The Birth House by Ami McKay
Dora Rare is the first female born into her family in five generations. That, and having been born with a caul over her face, makes her the subject of gossip in the small community of Scot's Bay and an easy target for pointing fingers when any trouble befalls it's inhabitants.
While Dora is still a young girl, Miss B recognizes the kindred spirit in her and takes her on as an apprentice to learn the arts of healing and midwifery. They face a lot of opposition from the local physician who sees them as doing more harm than good and wants to shut them down. His interest in bringing modern medicine to Nova Scotia is strengthened by his interest in the fees he is hoping to receive for his services.

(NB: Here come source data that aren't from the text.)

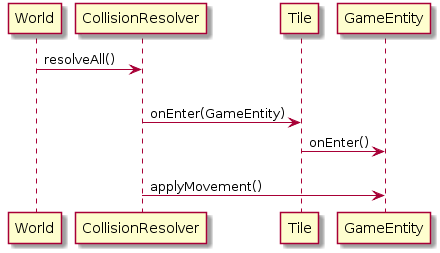

The diagram above was rendered by PlantUML. Its source (embedded in the PNG):
@startuml
World -> CollisionResolver: resolveAll()

alt collide
	CollisionResolver -> Tile: onEnter(GameEntity)
	Tile -> GameEntity: onEnter()
else noCollision
	CollisionResolver -> GameEntity: applyMovement()
@enduml

This book addresses the struggles of women to be autonomous and have control over what happens to their own bodies. It paints a picture that is both harsh and beautiful, looking at a broad spectrum of women from the strong and independent to those who are no more than slaves in abusive marriages. It makes a strong statement about a woman's need for female friendships and support. It is also emphatically pro-choice. Pregnancies are terminated based on the hardship it causes the mother and though the sheer desperation of some of these women is agonizing, I still can't get past the fact that to make one life more bearable, another life has to be ended. As a woman I find myself rooting for wives and mothers whose lives are unbelievably hard and being happy for them when things finally get easier, then as a Christian I sometimes get that uncomfortable feeling that I'm applauding things God doesn't call good. These are not easy issues but they do make me take stock of who I am and what I believe.
The healing arts that Miss B and Dora practice are an eerie mixture of Mary-worship, superstition, future foretelling and herbal medicine. The "Willow Book" contains all the wisdom of their trade. It prescribes things like this: "Moonbath: Lie naked in a crossroads in the light of a full moon. Makes the womb ripe." Some of it is silliness, some of it seems more like the witchcraft of tv shows and movies.
I will confess I don't like the messy aspects of being human so that part of the book was not enjoyable for me. When my children were babies I loved holding them and playing with them but I did not at all enjoy the drool, snot, vomit and other bodily function messes. Because this book tells a lot of pregnancy stories, there is blood, etc, and there was too much of it for me.
I thought Birth House was well written and I loved the setting of Scot's Bay, Nova Scotia. The glimpse into life in that time and place was wonderful but it wasn't enough to make me like the book so I can't recommend it.